There's an important mistake above: \(\sqrt2c1\) should read \(\sqrt2c6\) or you will not be computing a DCT.

Here's how to interpret the block diagram:

symbols used to display and algorithm structure

(nit: they write \(O_1\) twice, obviously the first instance should read \(O_0\))

They count rotations as "3 mult + 3 add" because they're using an optimization that works for fixed angles. You can read more about it in my rotation notes.

Here's my implementation of the LLM DCT: llm_dct.cc

In the LLM paper, the authors choose to scale the DCT by \(\sqrt{2}\) instead of \(\sqrt{2/N}\), so the result of their DCT isn't normalized. This is okay if you do the scaling as part of a later quantization step, or if you build an IDCT that expects the different scaling. In my implementation, I've added the eight divides by \(\sqrt{N}\) to get normalized output that I can compare to the naïve implementation.

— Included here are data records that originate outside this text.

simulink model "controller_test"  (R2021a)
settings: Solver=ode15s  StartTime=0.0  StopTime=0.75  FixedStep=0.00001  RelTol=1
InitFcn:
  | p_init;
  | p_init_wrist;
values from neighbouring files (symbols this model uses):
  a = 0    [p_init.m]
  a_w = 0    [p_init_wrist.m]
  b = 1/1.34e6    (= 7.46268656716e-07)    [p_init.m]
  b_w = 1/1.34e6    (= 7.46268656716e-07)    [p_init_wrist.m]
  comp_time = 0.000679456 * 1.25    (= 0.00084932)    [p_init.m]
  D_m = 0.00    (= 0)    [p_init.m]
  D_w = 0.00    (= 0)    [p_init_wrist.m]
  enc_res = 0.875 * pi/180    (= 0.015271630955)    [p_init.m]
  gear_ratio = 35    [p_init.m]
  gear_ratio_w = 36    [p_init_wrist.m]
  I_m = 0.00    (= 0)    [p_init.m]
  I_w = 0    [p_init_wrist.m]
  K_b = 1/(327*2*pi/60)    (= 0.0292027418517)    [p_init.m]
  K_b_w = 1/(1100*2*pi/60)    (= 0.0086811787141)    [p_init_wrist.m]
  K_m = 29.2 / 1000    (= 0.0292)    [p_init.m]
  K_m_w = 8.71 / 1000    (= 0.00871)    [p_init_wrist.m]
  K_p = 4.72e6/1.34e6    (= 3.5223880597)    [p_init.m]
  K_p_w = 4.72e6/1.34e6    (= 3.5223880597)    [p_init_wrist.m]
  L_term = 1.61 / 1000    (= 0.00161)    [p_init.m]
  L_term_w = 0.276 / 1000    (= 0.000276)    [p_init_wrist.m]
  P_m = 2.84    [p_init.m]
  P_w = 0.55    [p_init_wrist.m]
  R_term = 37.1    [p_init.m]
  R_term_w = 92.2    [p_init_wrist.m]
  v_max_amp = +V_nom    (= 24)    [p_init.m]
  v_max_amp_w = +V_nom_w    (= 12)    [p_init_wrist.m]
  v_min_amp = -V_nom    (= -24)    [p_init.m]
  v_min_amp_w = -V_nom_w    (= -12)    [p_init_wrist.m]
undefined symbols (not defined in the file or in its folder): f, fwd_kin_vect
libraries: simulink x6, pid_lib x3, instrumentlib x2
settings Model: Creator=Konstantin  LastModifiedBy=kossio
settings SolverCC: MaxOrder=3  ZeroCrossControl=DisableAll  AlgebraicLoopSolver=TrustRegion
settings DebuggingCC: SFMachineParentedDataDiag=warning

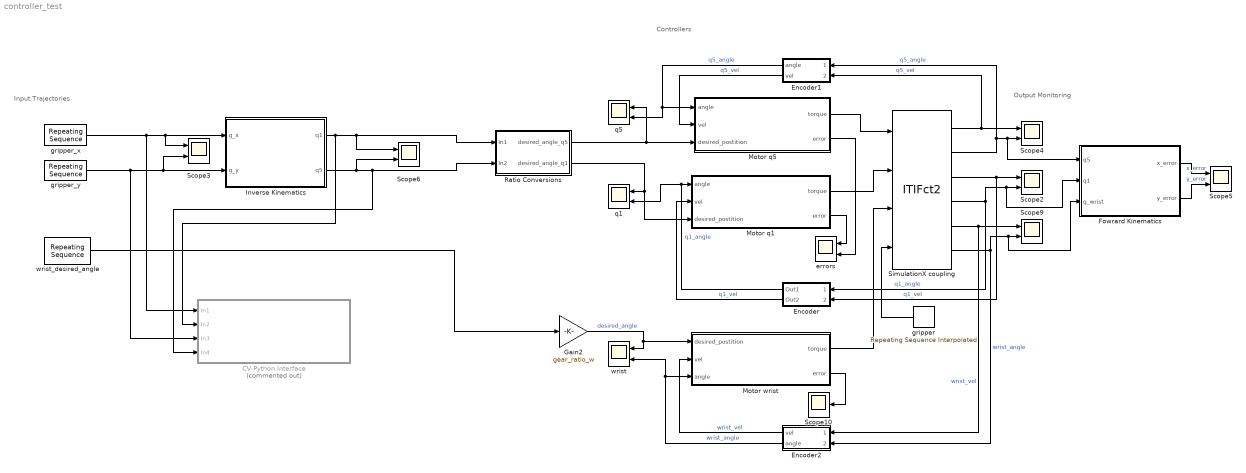
== system controller_test ==
  note: Output Monitoring
  note: Controllers
  note: Input Trajectories
  CV-Python Interface : Subsystem  Commented=on
  Encoder : Subsystem
  Encoder1 : Subsystem
  Encoder2 : Subsystem
  Fowrard Kinematics : Subsystem
  Gain2 : Gain  Gain=gear_ratio_w
  Inverse Kinematics : MATLAB Function  TreatAsAtomicUnit=on
  Motor q1 : Subsystem
  Motor q5 : Subsystem
  Motor wrist : Subsystem
  Ratio Conversions : Subsystem
  Scope10 : Scope
  Scope{2..6,9} (6 alike) : Scope  NumInputPorts=2
  SimulationX coupling : S-Function  FunctionName=ITIFct2  Parameters=ip, port, ts, nIn, nOut  SFunctionDeploymentMode=off  EnableBusSupport=off  mask{ip='localhost', port=4099, ts=0.001, nIn=4, nOut=6}
      mask prompts: ip "Address: ip"; port "Port Number: port [-]"; ts "Communication Step Size: ts [s]"; nIn "Input Vector Dimension (to SimulationX): nIn [-]"; nOut "Output Vector Dimension (from SimulationX): nOut [-]"
      mask help: Coupling Element
  errors : Scope  NumInputPorts=2
  gripper : simulink/Sources/Repeating Sequence Interpolated  OutValues=[0.2 0.2 10 0.2 10 0.2 10 0.2 0.2].'  TimeValues=[0 0.01 0.12 0.23 0.36 0.5 0.6 0.73 0.75].'  LookUpMeth=Use Input Below  tsamp=0.01  OutMin=[]  OutMax=[]  OutDataTypeStr=double  OutputDataTypeScalingMode=double  OutDataType=fixdt(0,8)  OutScaling=2^-10
  gripper_x : simulink/Sources/Repeating Sequence  rep_seq_t=time_vect  rep_seq_y=x_vect
  gripper_y : simulink/Sources/Repeating Sequence  rep_seq_t=time_vect  rep_seq_y=y_vect
  q1 : Scope  NumInputPorts=2
  q5 : Scope  NumInputPorts=2
  wrist : Scope  NumInputPorts=2
  wrist_desired_angle : simulink/Sources/Repeating Sequence  rep_seq_t=time_vect  rep_seq_y=wrist_angle
  wires:
  Inverse Kinematics/1(q1) -> CV-Python Interface/2(In2), Ratio Conversions/1(In1), Scope6/1
  Inverse Kinematics/2(q5) -> Scope6/2, Ratio Conversions/2(In2), CV-Python Interface/4(In4)
  gripper_y/1 -> CV-Python Interface/3(In3), Scope3/2, Inverse Kinematics/2(g_y)
  gripper_x/1 -> CV-Python Interface/1(In1), Inverse Kinematics/1(g_x), Scope3/1
  SimulationX coupling/1 -> Encoder1/2(2), Scope4/1  "q5_vel"
  SimulationX coupling/2 -> Fowrard Kinematics/1(q5), Scope4/2, Encoder1/1(1)  "q5_angle"
  SimulationX coupling/3 -> Encoder/2(2), Scope2/1  "q1_vel"
  SimulationX coupling/4 -> Encoder/1(1), Fowrard Kinematics/2(q1), Scope2/2  "q1_angle"
  Motor q1/2(error) -> errors/1
  Motor q5/2(error) -> errors/2
  SimulationX coupling/5 -> Encoder2/1(1), Scope9/1  "wrist_vel"
  SimulationX coupling/6 -> Fowrard Kinematics/3(q_wrist), Scope9/2, Encoder2/2(2)  "wrist_angle"
  Motor wrist/2(error) -> Scope10/1
  Motor wrist/1(torque) -> SimulationX coupling/3
  Gain2/1 -> wrist/1, Motor wrist/1(desired_postition)  "desired_angle"
  Motor q5/1(torque) -> SimulationX coupling/1
  Motor q1/1(torque) -> SimulationX coupling/2
  Encoder/1(Out1) -> q1/2, Motor q1/1(angle)  "q1_angle"
  Encoder/2(Out2) -> Motor q1/2(vel)  "q1_vel"
  Encoder1/1(angle) -> q5/2, Motor q5/1(angle)  "q5_angle"
  Encoder1/2(vel) -> Motor q5/2(vel)  "q5_vel"
  Ratio Conversions/2(desired_angle_q1) -> Motor q1/3(desired_postition), q1/1
  Ratio Conversions/1(desired_angle_q5) -> q5/1, Motor q5/3(desired_postition)
  Fowrard Kinematics/2(y_error) -> Scope5/2  "y_error"
  Fowrard Kinematics/1(x_error) -> Scope5/1  "x_error"
  wrist_desired_angle/1 -> Gain2/1
  Encoder2/1(vel) -> Motor wrist/2(vel)  "wrist_vel"
  Encoder2/2(angle) -> Motor wrist/3(angle), wrist/2  "wrist_angle"
  gripper/1 -> SimulationX coupling/4

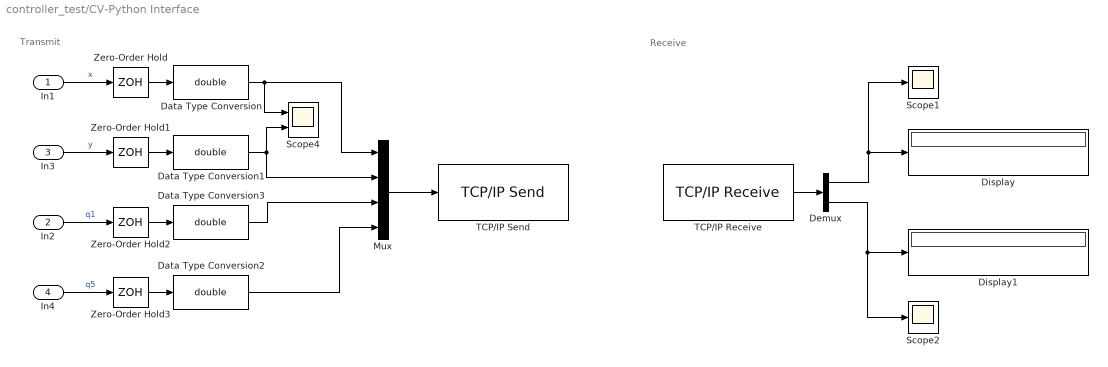
== system controller_test/CV-Python Interface ==
  note: Transmit
  note: Receive
  In1 : Inport
  In2 : Inport  Port=2
  In3 : Inport  Port=3
  In4 : Inport  Port=4
  Data Type Conversion{,1..3} (4 alike) : DataTypeConversion  OutDataTypeStr=double
  Demux : Demux  Outputs=2
  Display : Display
      settings: Format=decimal (Stored Integer)
  Display1 : Display
      settings: Format=decimal (Stored Integer)
  Mux : Mux
  Scope1 : Scope
  Scope2 : Scope
  Scope4 : Scope  NumInputPorts=2
  TCP/IP Receive : instrumentlib/TCP//IP Receive  Priority=1  Host=192.168.50.118  Port=10100  DataSize="[2  1]"  EnableBlockingMode=on  Timeout=10  SampleTime=0.01  DataType=double  ByteOrder=BigEndian  ASCIIFormatting=%f,  Terminator=LF
  TCP/IP Send : instrumentlib/TCP//IP Send  Priority=2  Host=192.168.50.118  Port=10100  EnableBlockingMode=on  Timeout=10  ByteOrder=BigEndian  TransferDelay=on
  Zero-Order Hold{,1..3} (4 alike) : ZeroOrderHold  SampleTime=0.01
  wires:
  Zero-Order Hold/1 -> Data Type Conversion/1
  TCP/IP Receive/1 -> Demux/1
  Demux/2 -> Scope2/1, Display1/1
  Zero-Order Hold2/1 -> Data Type Conversion3/1
  Data Type Conversion1/1 -> Scope4/2, Mux/2
  Zero-Order Hold1/1 -> Data Type Conversion1/1
  Demux/1 -> Display/1, Scope1/1
  Mux/1 -> TCP/IP Send/1
  Zero-Order Hold3/1 -> Data Type Conversion2/1
  Data Type Conversion/1 -> Scope4/1, Mux/1
  Data Type Conversion3/1 -> Mux/3
  Data Type Conversion2/1 -> Mux/4
  In4/1 -> Zero-Order Hold3/1  "q5"
  In2/1 -> Zero-Order Hold2/1  "q1"
  In1/1 -> Zero-Order Hold/1  "x"
  In3/1 -> Zero-Order Hold1/1  "y"

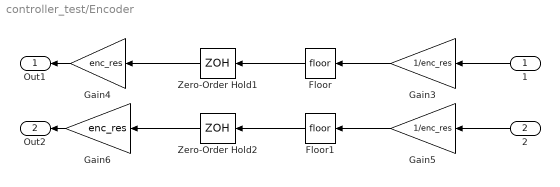
== system controller_test/Encoder ==
  1 : Inport
  2 : Inport  Port=2
  Floor : Rounding
  Floor1 : Rounding
  Gain3 : Gain  Gain=1/enc_res
  Gain4 : Gain  Gain=enc_res
  Gain5 : Gain  Gain=1/enc_res
  Gain6 : Gain  Gain=enc_res
  Zero-Order Hold1 : ZeroOrderHold  SampleTime=0.001
  Zero-Order Hold2 : ZeroOrderHold  SampleTime=0.001
  Out1 : Outport
  Out2 : Outport  Port=2
  wires:
  Zero-Order Hold2/1 -> Gain6/1
  Floor/1 -> Zero-Order Hold1/1
  Gain4/1 -> Out1/1
  Floor1/1 -> Zero-Order Hold2/1
  Gain6/1 -> Out2/1
  Gain5/1 -> Floor1/1
  Zero-Order Hold1/1 -> Gain4/1
  Gain3/1 -> Floor/1
  1/1 -> Gain3/1
  2/1 -> Gain5/1

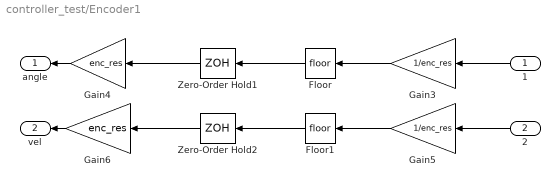
== system controller_test/Encoder1 ==
  1 : Inport
  2 : Inport  Port=2
  Floor : Rounding
  Floor1 : Rounding
  Gain3 : Gain  Gain=1/enc_res
  Gain4 : Gain  Gain=enc_res
  Gain5 : Gain  Gain=1/enc_res
  Gain6 : Gain  Gain=enc_res
  Zero-Order Hold1 : ZeroOrderHold  SampleTime=0.001
  Zero-Order Hold2 : ZeroOrderHold  SampleTime=0.001
  angle : Outport
  vel : Outport  Port=2
  wires:
  Zero-Order Hold2/1 -> Gain6/1
  Floor/1 -> Zero-Order Hold1/1
  Gain4/1 -> angle/1
  Floor1/1 -> Zero-Order Hold2/1
  Gain6/1 -> vel/1
  Gain5/1 -> Floor1/1
  Zero-Order Hold1/1 -> Gain4/1
  Gain3/1 -> Floor/1
  1/1 -> Gain3/1
  2/1 -> Gain5/1

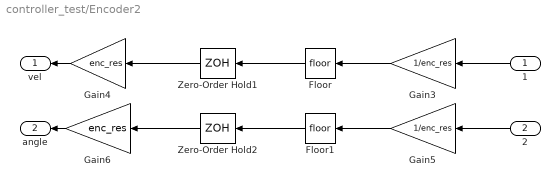
== system controller_test/Encoder2 ==
  1 : Inport
  2 : Inport  Port=2
  Floor : Rounding
  Floor1 : Rounding
  Gain3 : Gain  Gain=1/enc_res
  Gain4 : Gain  Gain=enc_res
  Gain5 : Gain  Gain=1/enc_res
  Gain6 : Gain  Gain=enc_res
  Zero-Order Hold1 : ZeroOrderHold  SampleTime=0.001
  Zero-Order Hold2 : ZeroOrderHold  SampleTime=0.001
  vel : Outport
  angle : Outport  Port=2
  wires:
  Zero-Order Hold2/1 -> Gain6/1
  Floor/1 -> Zero-Order Hold1/1
  Gain4/1 -> vel/1
  Floor1/1 -> Zero-Order Hold2/1
  Gain6/1 -> angle/1
  Gain5/1 -> Floor1/1
  Zero-Order Hold1/1 -> Gain4/1
  Gain3/1 -> Floor/1
  1/1 -> Gain3/1
  2/1 -> Gain5/1

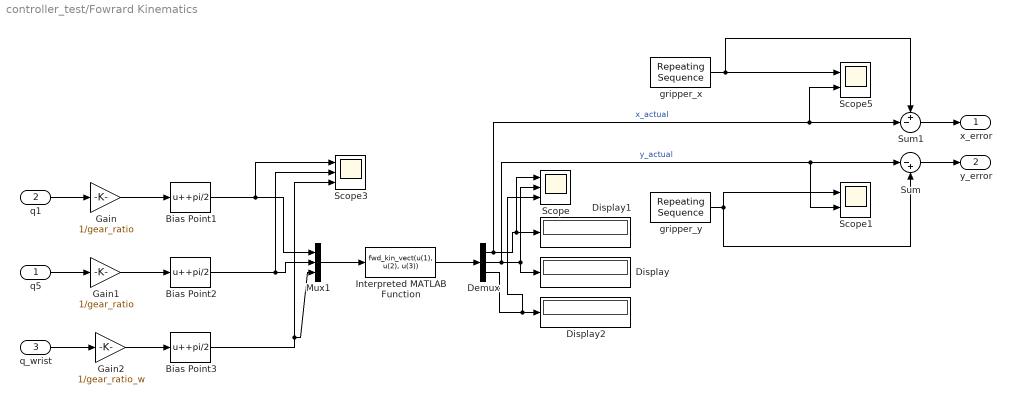
== system controller_test/Fowrard Kinematics ==
  q5 : Inport
  q1 : Inport  Port=2
  q_wrist : Inport  Port=3
  Bias Point1 : Bias  Bias=+pi/2
  Bias Point2 : Bias  Bias=+pi/2
  Bias Point3 : Bias  Bias=+pi/2
  Demux : Demux  Outputs=3
  Display : Display
  Display1 : Display
  Display2 : Display
  Gain : Gain  Gain=1/gear_ratio
  Gain1 : Gain  Gain=1/gear_ratio
  Gain2 : Gain  Gain=1/gear_ratio_w
  Interpreted MATLAB Function : MATLABFcn  MATLABFcn=fwd_kin_vect(u(1), u(2), u(3))  OutputDimensions=3
  Mux1 : Mux  Inputs=3
  Scope : Scope  NumInputPorts=3
  Scope1 : Scope  NumInputPorts=2
  Scope3 : Scope  NumInputPorts=3
  Scope5 : Scope  NumInputPorts=2
  Sum : Sum  Inputs=|-+
  Sum1 : Sum  Inputs=+-|
  gripper_x : simulink/Sources/Repeating Sequence  rep_seq_t=time_vect  rep_seq_y=x_vect
  gripper_y : simulink/Sources/Repeating Sequence  rep_seq_t=time_vect  rep_seq_y=y_vect
  x_error : Outport
  y_error : Outport  Port=2
  wires:
  Demux/3 -> Scope/3, Display2/1
  Interpreted MATLAB Function/1 -> Demux/1
  q5/1 -> Gain1/1
  Mux1/1 -> Interpreted MATLAB Function/1
  Demux/2 -> Scope1/2, Sum/1, Scope/2, Display/1  "y_actual"
  q1/1 -> Gain/1
  Demux/1 -> Scope5/2, Sum1/2, Scope/1, Display1/1  "x_actual"
  Gain/1 -> Bias Point1/1
  Gain1/1 -> Bias Point2/1
  gripper_y/1 -> Scope1/1, Sum/2
  gripper_x/1 -> Scope5/1, Sum1/1
  q_wrist/1 -> Gain2/1
  Gain2/1 -> Bias Point3/1
  Sum/1 -> y_error/1
  Sum1/1 -> x_error/1
  Bias Point1/1 -> Scope3/1, Mux1/1
  Bias Point2/1 -> Mux1/2, Scope3/2
  Bias Point3/1 -> Scope3/3, Mux1/3

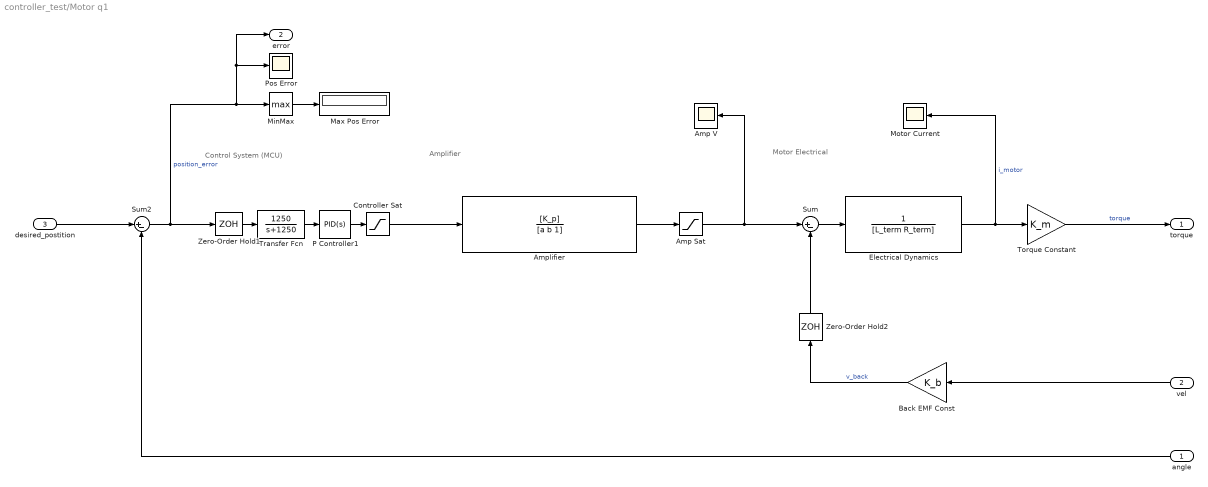
== system controller_test/Motor q1 ==
  note: Control System (MCU)
  note: Motor Electrical
  note: Amplifier
  angle : Inport
  vel : Inport  Port=2
  desired_postition : Inport  Port=3
  Amp Sat : Saturate  UpperLimit=v_max_amp  LowerLimit=v_min_amp
  Amp V : Scope
  Amplifier : TransferFcn  Numerator=[K_p]  Denominator=[a b 1]
  Back EMF Const : Gain  Gain=K_b
  Controller Sat : Saturate  UpperLimit=10  LowerLimit=-10
  Electrical Dynamics : TransferFcn  Denominator=[L_term R_term]
  Max Pos Error : Display
  MinMax : MinMax  Function=max
  Motor Current : Scope
  P Controller1 : pid_lib/PID Controller  Controller=PID  Form=Parallel  TimeDomain=Continuous-time  UseExternalTs=off  SampleTime=-1  IntegratorMethod=Forward Euler  FilterMethod=Forward Euler  ControllerParametersSource=internal  P=P_m  I=I_m  D=D_m  UseFilter=on  N=100  TunerSelectOption=Transfer Function Based (PID Tuner App)  InitialConditionSource=internal  InitialConditionForIntegrator=0  InitialConditionForFilter=0  DifferentiatorICPrevScaledInput=0  ExternalReset=none  TrackingMode=off  Kt=1  LimitOutput=off  SatLimitsSource=internal  UpperSaturationLimit=inf  LowerSaturationLimit=-inf  LinearizeAsGain=on  AntiWindupMode=none  Kb=1  POutMin=[]  POutMax=[]  IOutMin=[]  IOutMax=[]  DOutMin=[]  DOutMax=[]  NOutMin=[]  NOutMax=[]  SumOutMin=[]  SumOutMax=[]  SaturationOutMin=[]  SaturationOutMax=[]  PParamMin=[]  PParamMax=[]  IParamMin=[]  IParamMax=[]  DParamMin=[]  DParamMax=[]  NParamMin=[]  NParamMax=[]  KbParamMin=[]  KbParamMax=[]  KtParamMin=[]  KtParamMax=[]  KbOutMin=[]  KbOutMax=[]  KtOutMin=[]  KtOutMax=[]  IntegratorOutMin=[]  IntegratorOutMax=[]  FilterOutMin=[]  FilterOutMax=[]  SumI1OutMin=[]  SumI1OutMax=[]  SumI2OutMin=[]  SumI2OutMax=[]  SumI3OutMin=[]  SumI3OutMax=[]  SumI4OutMin=[]  SumI4OutMax=[]  SumDOutMin=[]  SumDOutMax=[]  DifferentiatorOutMin=[]  DifferentiatorOutMax=[]  FilterDiffOutCoefMin=[]  FilterDiffOutCoefMax=[]  ReciprocalOutMin=[]  ReciprocalOutMax=[]  SumDenOutMin=[]  SumDenOutMax=[]  SumNumOutMin=[]  SumNumOutMax=[]  DivideOutMin=[]  DivideOutMax=[]  UdiffTsProdOutMin=[]  UdiffTsProdOutMax=[]  NTsProdOutMin=[]  NTsProdOutMax=[]  UintegralTsProdOutMin=[]  UintegralTsProdOutMax=[]  UngainTsProdOutMin=[]  UngainTsProdOutMax=[]  IntegratorContinuousStateAttributes=''  IntegratorStateMustResolveToSignalObject=off  IntegratorRTWStateStorageClass=Auto  FilterContinuousStateAttributes=''  FilterStateMustResolveToSignalObject=off  FilterRTWStateStorageClass=Auto  ParallelPVariant=InternalParameters  IdealPVariant=Disabled  IVariant=InternalParameters  DVariant=InternalParameters  IntegratorVariant=Continuous  SatVariant=Disabled  AWVariant=Passthrough  PCopyVariant=Disabled  TRVariant=Disabled  FdbkBlocksVariant=Forward  IdealPFdbkVariant=Disabled  SatFdbkVariant=Disabled  DerivativeFilterVariant=ContFilter  NVariant=InternalParameters  NCopyVariant=Disabled  FilterICVariant=InternalICsFilter  IntegratorICVariant=InternalICs  ExternalResetVariant=Disabled  TRSumVariant=Passthrough  SumFdbkVariant=Disabled  SumVariant=Sum_PID  TsampFilterVariant=InternalTs  TsampNgainVariant=Passthrough  TsampIntegralVariant=Passthrough  ExternalSaturationOutDataTypeStr=Inherit: Same as second input
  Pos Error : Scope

My implementation, compiled without -ffast-math:

     19 vaddsd  ; plus 10 subs makes 29, as claimed.
      8 vdivsd  ; this is due to scaling I added.
     18 vmovsd
     11 vmulsd  ; as claimed.
     10 vsubsd

My code looks like Single Static Assignment form whereas other implementations (like llm_mit.cc) tend to define nine variables and juggle the computation between them.

In my opinion, the juggling makes the signal path harder to follow. In my testing, both implementations result in the same number of assembler instructions emitted.

The AAN DCT

Another fast DCT algorithm is AAN, named for its authors: Arai, Agui and Nakajima. Their paper, "A fast DCT-SQ scheme for images" gets cited often but I can't find it online and I think it might be written in Japanese. Their algorithm uses five multiplies (plus eight post-multiplies for scaling, which they argue don't count because they can be moved into the quantization matrix).

Here's a diagram of the AAN DCT taken from page 52 of the JPEG: Still Image Data Compression Standard text book my William B. Pennebaker and Joan L. Mitchell:

This is my implementation: aan.cc

Compiled with -ffast-math:

     15 vaddsd ; plus 14 subs makes 29.
     18 vmovsd
     13 vmulsd ; 5 from AAN, plus 8 from scaling I added.
     14 vsubsd

The book gives numeric constants, which are are easy to replace with symbolic ones when you know what to look for: cosines and square roots.

The post-scaling factors can be determined numerically by dividing DCT output by AAN output, or algebraically by following the code.

Further reading

There are many papers about implementing fast DCTs. Many of them are written by awesome electrical engineers who draw block diagrams and measure the depth of the signal path and then go implement it all in silicon.

Practical Fast 1-D DCT Algorithms with 11 Multiplications is the LLM paper: it reviews several previous algorithms and gives a newer and more compact one. It was published in 1989.

A Fast Computational Algorithm for the Discrete Cosine Transform is from 1977, and has an awesome block diagram of 4-point through 32-point DCTs on the last page.